Start of RECORDS PROVIDED

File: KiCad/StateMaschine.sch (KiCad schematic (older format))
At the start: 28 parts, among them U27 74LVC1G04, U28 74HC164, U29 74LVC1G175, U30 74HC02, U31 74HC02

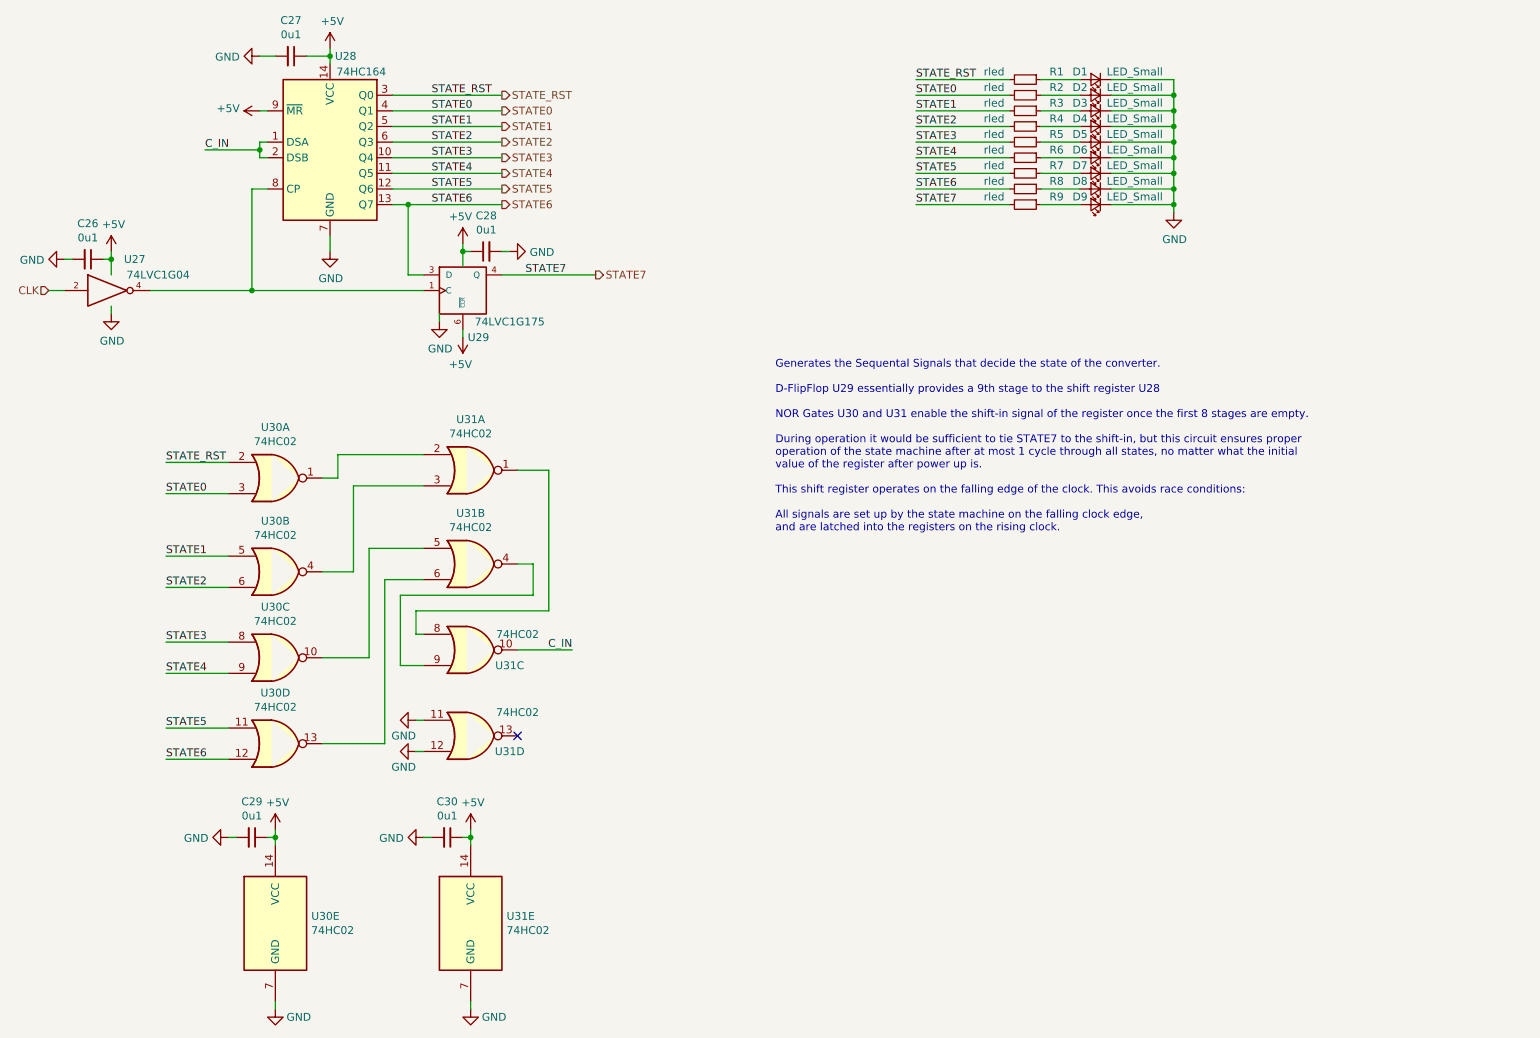
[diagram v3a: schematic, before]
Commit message: Fixed State Numbering/Wiring Order
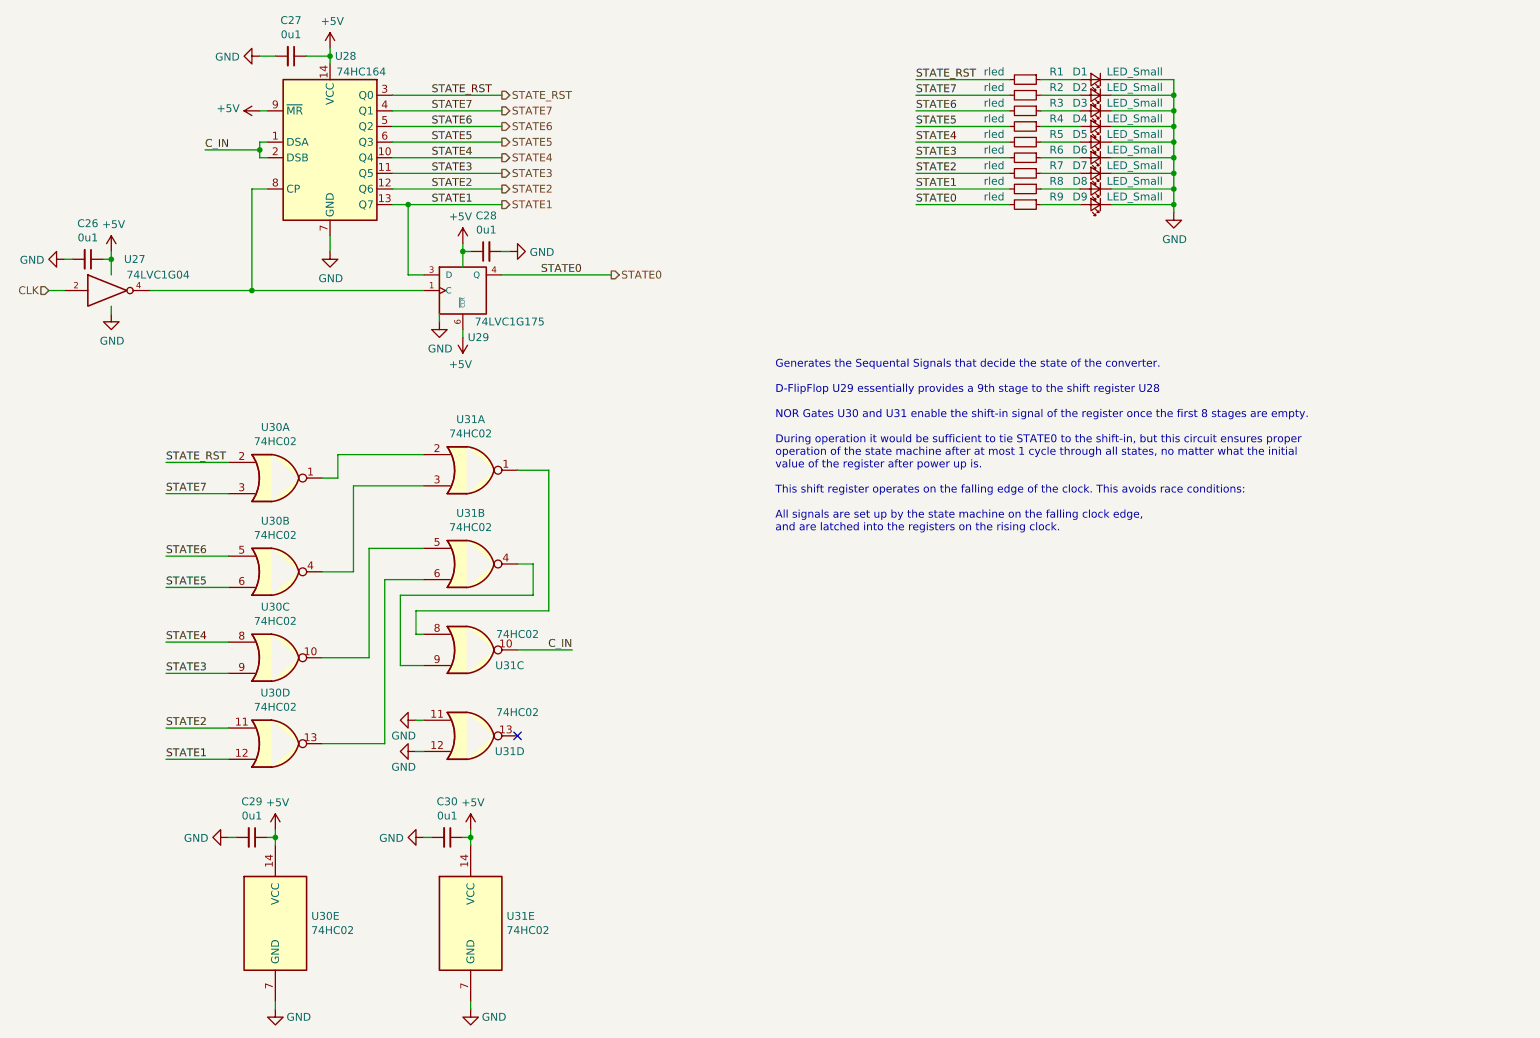
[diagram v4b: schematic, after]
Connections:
- net STATE0: now also R9.2, U29.4 (Q); no longer R2.2, U28.4 (Q1), U30.3
- net STATE1: now also R8.2, U28.13 (Q7), U29.3 (D), U30.12; no longer R3.2, U28.5 (Q2), U30.5
- net STATE2: now also R7.2, U28.12 (Q6), U30.11; no longer R4.2, U28.6 (Q3), U30.6
- net STATE3: now also R6.2, U28.11 (Q5), U30.9; no longer R5.2, U28.10 (Q4), U30.8
- net STATE4: now also R5.2, U28.10 (Q4), U30.8; no longer R6.2, U28.11 (Q5), U30.9
- net STATE5: now also R4.2, U28.6 (Q3), U30.6; no longer R7.2, U28.12 (Q6), U30.11
- net STATE6: now also R3.2, U28.5 (Q2), U30.5; no longer R8.2, U28.13 (Q7), U29.3 (D), U30.12
- net STATE7: now also R2.2, U28.4 (Q1), U30.3; no longer R9.2, U29.4 (Q)
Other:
- note added: "Generates the Sequental Signals that decide the state of the converter.\n\nD-FlipFlop U29 essentially provides a 9th stage to the shift register U28\n\nNOR Gates U30 and U31 enable the shift-in signal of the register once the first 8 stages are empty. \n\nDuring operation it would be sufficient to tie STATE0 to the shift-in, but this circuit ensures proper \noperation of the state machine after a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"
- note removed: "Generates the Sequental Signals that decide the state of the converter.\n\nD-FlipFlop U29 essentially provides a 9th stage to the shift register U28\n\nNOR Gates U30 and U31 enable the shift-in signal of the register once the first 8 stages are empty. \n\nDuring operation it would be sufficient to tie STATE7 to the shift-in, but this circuit ensures proper \noperation of the state machine after a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"
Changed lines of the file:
@@
 $Descr A4 11693 8268
 encoding utf-8
-Sheet 8 9
+Sheet 7 9
 Title "Schilk_SA-ADC"
 Date "2020-02-03"
@@
 Text HLabel 1950 2950 0    50   Input ~ 0
 CLK
+Text Label 7500 2400 0    50   ~ 0
+STATE0
+Text Label 7500 2300 0    50   ~ 0
+STATE1
+Text Label 7500 2200 0    50   ~ 0
+STATE2
+Text Label 7500 2100 0    50   ~ 0
+STATE3
+Text Label 7500 2000 0    50   ~ 0
+STATE4
+Text Label 7500 1900 0    50   ~ 0
+STATE5
+Text Label 7500 1800 0    50   ~ 0
+STATE6
 Text Label 7500 1700 0    50   ~ 0
-STATE0
-Text Label 7500 1800 0    50   ~ 0
-STATE1
-Text Label 7500 1900 0    50   ~ 0
-STATE2
-Text Label 7500 2000 0    50   ~ 0
-STATE3
-Text Label 7500 2100 0    50   ~ 0
-STATE4
-Text Label 7500 2200 0    50   ~ 0
-STATE5
-Text Label 7500 2300 0    50   ~ 0
-STATE6
-Text Label 7500 2400 0    50   ~ 0
 STATE7
 $Comp
@@
 	8750 2400 9150 2400
 Wire Wire Line
+	7500 2400 8100 2400
+Wire Wire Line
+	7500 2300 8100 2300
+Wire Wire Line
+	7500 2200 8100 2200
+Wire Wire Line
+	7500 2100 8100 2100
+Wire Wire Line
+	7500 2000 8100 2000
+Wire Wire Line
+	7500 1900 8100 1900
+Wire Wire Line
+	7500 1800 8100 1800
+Wire Wire Line
 	7500 1700 8100 1700
-Wire Wire Line
-	7500 1800 8100 1800
-Wire Wire Line
-	7500 1900 8100 1900
-Wire Wire Line
-	7500 2000 8100 2000
-Wire Wire Line
-	7500 2100 8100 2100
-Wire Wire Line
-	7500 2200 8100 2200
-Wire Wire Line
-	7500 2300 8100 2300
-Wire Wire Line
-	7500 2400 8100 2400
 Wire Wire Line
 	9150 1600 9150 1700
@@
 Wire Wire Line
 	9150 2400 9150 2450
+Text Label 4400 2400 0    50   ~ 0
+STATE1
+Text Label 4400 2300 0    50   ~ 0
+STATE2
+Text Label 4400 2200 0    50   ~ 0
+STATE3
+Text Label 4400 2100 0    50   ~ 0
+STATE4
+Text Label 4400 2000 0    50   ~ 0
+STATE5
+Text Label 4400 1900 0    50   ~ 0
+STATE6
 Text Label 4400 1800 0    50   ~ 0
-STATE0
-Text Label 4400 1900 0    50   ~ 0
-STATE1
-Text Label 4400 2000 0    50   ~ 0
-STATE2
-Text Label 4400 2100 0    50   ~ 0
-STATE3
-Text Label 4400 2200 0    50   ~ 0
-STATE4
-Text Label 4400 2300 0    50   ~ 0
-STATE5
-Text Label 4400 2400 0    50   ~ 0
-STATE6
-Text Label 5000 2850 0    50   ~ 0
 STATE7
 Text Label 4400 1700 0    50   ~ 0
 STATE_RST
-Wire Wire Line
-	4250 2400 4850 2400
-Wire Wire Line
-	4850 2850 5450 2850
-Text HLabel 4850 1800 2    50   Output ~ 0
-STATE0
-Text HLabel 4850 1900 2    50   Output ~ 0
-STATE1
-Text HLabel 4850 2000 2    50   Output ~ 0
-STATE2
-Text HLabel 4850 2100 2    50   Output ~ 0
-STATE3
-Text HLabel 4850 2200 2    50   Output ~ 0
-STATE4
-Text HLabel 4850 2300 2    50   Output ~ 0
-STATE5
-Text HLabel 4850 2400 2    50   Output ~ 0
-STATE6
-Text HLabel 5450 2850 2    50   Output ~ 0
-STATE7
 Text HLabel 4850 1700 2    50   Output ~ 0
 STATE_RST
-Connection ~ 4250 2400
 Wire Wire Line
 	4150 1700 4850 1700
 Wire Wire Line
-	4150 1800 4850 1800
-Wire Wire Line
-	4150 1900 4850 1900
+	4150 2300 4850 2300
+Wire Wire Line
+	4150 2200 4850 2200
+Wire Wire Line
+	4150 2100 4850 2100
 Wire Wire Line
 	4150 2000 4850 2000
-Wire Wire Line
-	4150 2100 4850 2100
-Wire Wire Line
-	4150 2200 4850 2200
-Wire Wire Line
-	4150 2300 4850 2300
 Text Label 7500 1600 0    50   ~ 0
 STATE_RST
@@
 Wire Wire Line
 	3400 7550 3400 7500
-Text Label 2700 4650 0    50   ~ 0
-STATE1
-Text Label 2700 4850 0    50   ~ 0
-STATE2
-Text Label 2700 5200 0    50   ~ 0
-STATE3
-Text Label 2700 5400 0    50   ~ 0
-STATE4
-Text Label 2700 5750 0    50   ~ 0
-STATE5
-Text Label 2700 5950 0    50   ~ 0
-STATE6
 Text Label 2700 4050 0    50   ~ 0
 STATE_RST
-Text Label 2700 4250 0    50   ~ 0
-STATE0
 Wire Wire Line
 	2700 4050 3100 4050
-Wire Wire Line
-	2700 4250 3100 4250
-Wire Wire Line
-	2700 4650 3100 4650
-Wire Wire Line
-	2700 4850 3100 4850
-Wire Wire Line
-	2700 5200 3100 5200
-Wire Wire Line
-	2700 5400 3100 5400
-Wire Wire Line
-	2700 5750 3100 5750
-Wire Wire Line
-	2700 5950 3100 5950
 $Comp
 L 74xx:74HC02 U31
@@
 	3300 2050 3300 2100
 Text Notes 6600 4500 0    50   ~ 0
-Generates the Sequental Signals that decide the state of the converter.\n\nD-FlipFlop U29 essentially provides a 9th stage to the shift register U28\n\nNOR Gates U30 and U31 enable the shift-in signal of the register once the first 8 stages are empty. \n\nDuring operation it would be sufficient to tie STATE7 to the shift-in, but this circuit ensures proper \noperation of the state machine after at most 1 cycle through all states, no matter what the initial\nvalue of the register after power up is.\n\nThis shift register operates on the falling edge of the clock. This avoids race conditions:\n\nAll signals are set up by the state machine on the falling clock edge,\nand are latched into the registers on the rising clock.
+Generates the Sequental Signals that decide the state of the converter.\n\nD-FlipFlop U29 essentially provides a 9th stage to the shift register U28\n\nNOR Gates U30 and U31 enable the shift-in signal of the register once the first 8 stages are empty. \n\nDuring operation it would be sufficient to tie STATE0 to the shift-in, but this circuit ensures proper \noperation of the state machine after at most 1 cycle through all states, no matter what the initial\nvalue of the register after power up is.\n\nThis shift register operates on the falling edge of the clock. This avoids race conditions:\n\nAll signals are set up by the state machine on the falling clock edge,\nand are latched into the registers on the rising clock.
+Text HLabel 4850 1900 2    50   Output ~ 0
+STATE6
+Text HLabel 4850 2000 2    50   Output ~ 0
+STATE5
+Text HLabel 4850 2100 2    50   Output ~ 0
+STATE4
+Text HLabel 4850 2200 2    50   Output ~ 0
+STATE3
+Text HLabel 4850 2300 2    50   Output ~ 0
+STATE2
+Text HLabel 4850 2400 2    50   Output ~ 0
+STATE1
+Text HLabel 5550 2850 2    50   Output ~ 0
+STATE0
+Text HLabel 4850 1800 2    50   Output ~ 0
+STATE7
+Wire Wire Line
+	4150 1800 4850 1800
+Wire Wire Line
+	4150 1900 4850 1900
+Wire Wire Line
+	4850 2850 5550 2850
+Text Label 5100 2850 0    50   ~ 0
+STATE0
+Connection ~ 4250 2400
+Wire Wire Line
+	4250 2400 4850 2400
+Text Label 2700 5950 0    50   ~ 0
+STATE1
+Text Label 2700 5750 0    50   ~ 0
+STATE2
+Text Label 2700 5400 0    50   ~ 0
+STATE3
+Text Label 2700 5200 0    50   ~ 0
+STATE4
+Text Label 2700 4850 0    50   ~ 0
+STATE5
+Text Label 2700 4650 0    50   ~ 0
+STATE6
+Text Label 2700 4250 0    50   ~ 0
+STATE7
+Wire Wire Line
+	2700 5950 3100 5950
+Wire Wire Line
+	2700 5750 3100 5750
+Wire Wire Line
+	2700 5400 3100 5400
+Wire Wire Line
+	2700 5200 3100 5200
+Wire Wire Line
+	2700 4850 3100 4850
+Wire Wire Line
+	2700 4650 3100 4650
+Wire Wire Line
+	2700 4250 3100 4250
 $EndSCHEMATC

End of RECORDS PROVIDED

Filter the records for the string "operates" and copy every line that holds it.

● **REPLY TO THE TASK**
-Generates the Sequental Signals that decide the state of the converter.\n\nD-FlipFlop U29 essentially provides a 9th stage to the shift register U28\n\nNOR Gates U30 and U31 enable the shift-in signal of the register once the first 8 stages are empty. \n\nDuring operation it would be sufficient to tie STATE7 to the shift-in, but this circuit ensures proper \noperation of the state machine after at most 1 cycle through all states, no matter what the initial\nvalue of the register after power up is.\n\nThis shift register operates on the falling edge of the clock. This avoids race conditions:\n\nAll signals are set up by the state machine on the falling clock edge,\nand are latched into the registers on the rising clock.
+Generates the Sequental Signals that decide the state of the converter.\n\nD-FlipFlop U29 essentially provides a 9th stage to the shift register U28\n\nNOR Gates U30 and U31 enable the shift-in signal of the register once the first 8 stages are empty. \n\nDuring operation it would be sufficient to tie STATE0 to the shift-in, but this circuit ensures proper \noperation of the state machine after at most 1 cycle through all states, no matter what the initial\nvalue of the register after power up is.\n\nThis shift register operates on the falling edge of the clock. This avoids race conditions:\n\nAll signals are set up by the state machine on the falling clock edge,\nand are latched into the registers on the rising clock.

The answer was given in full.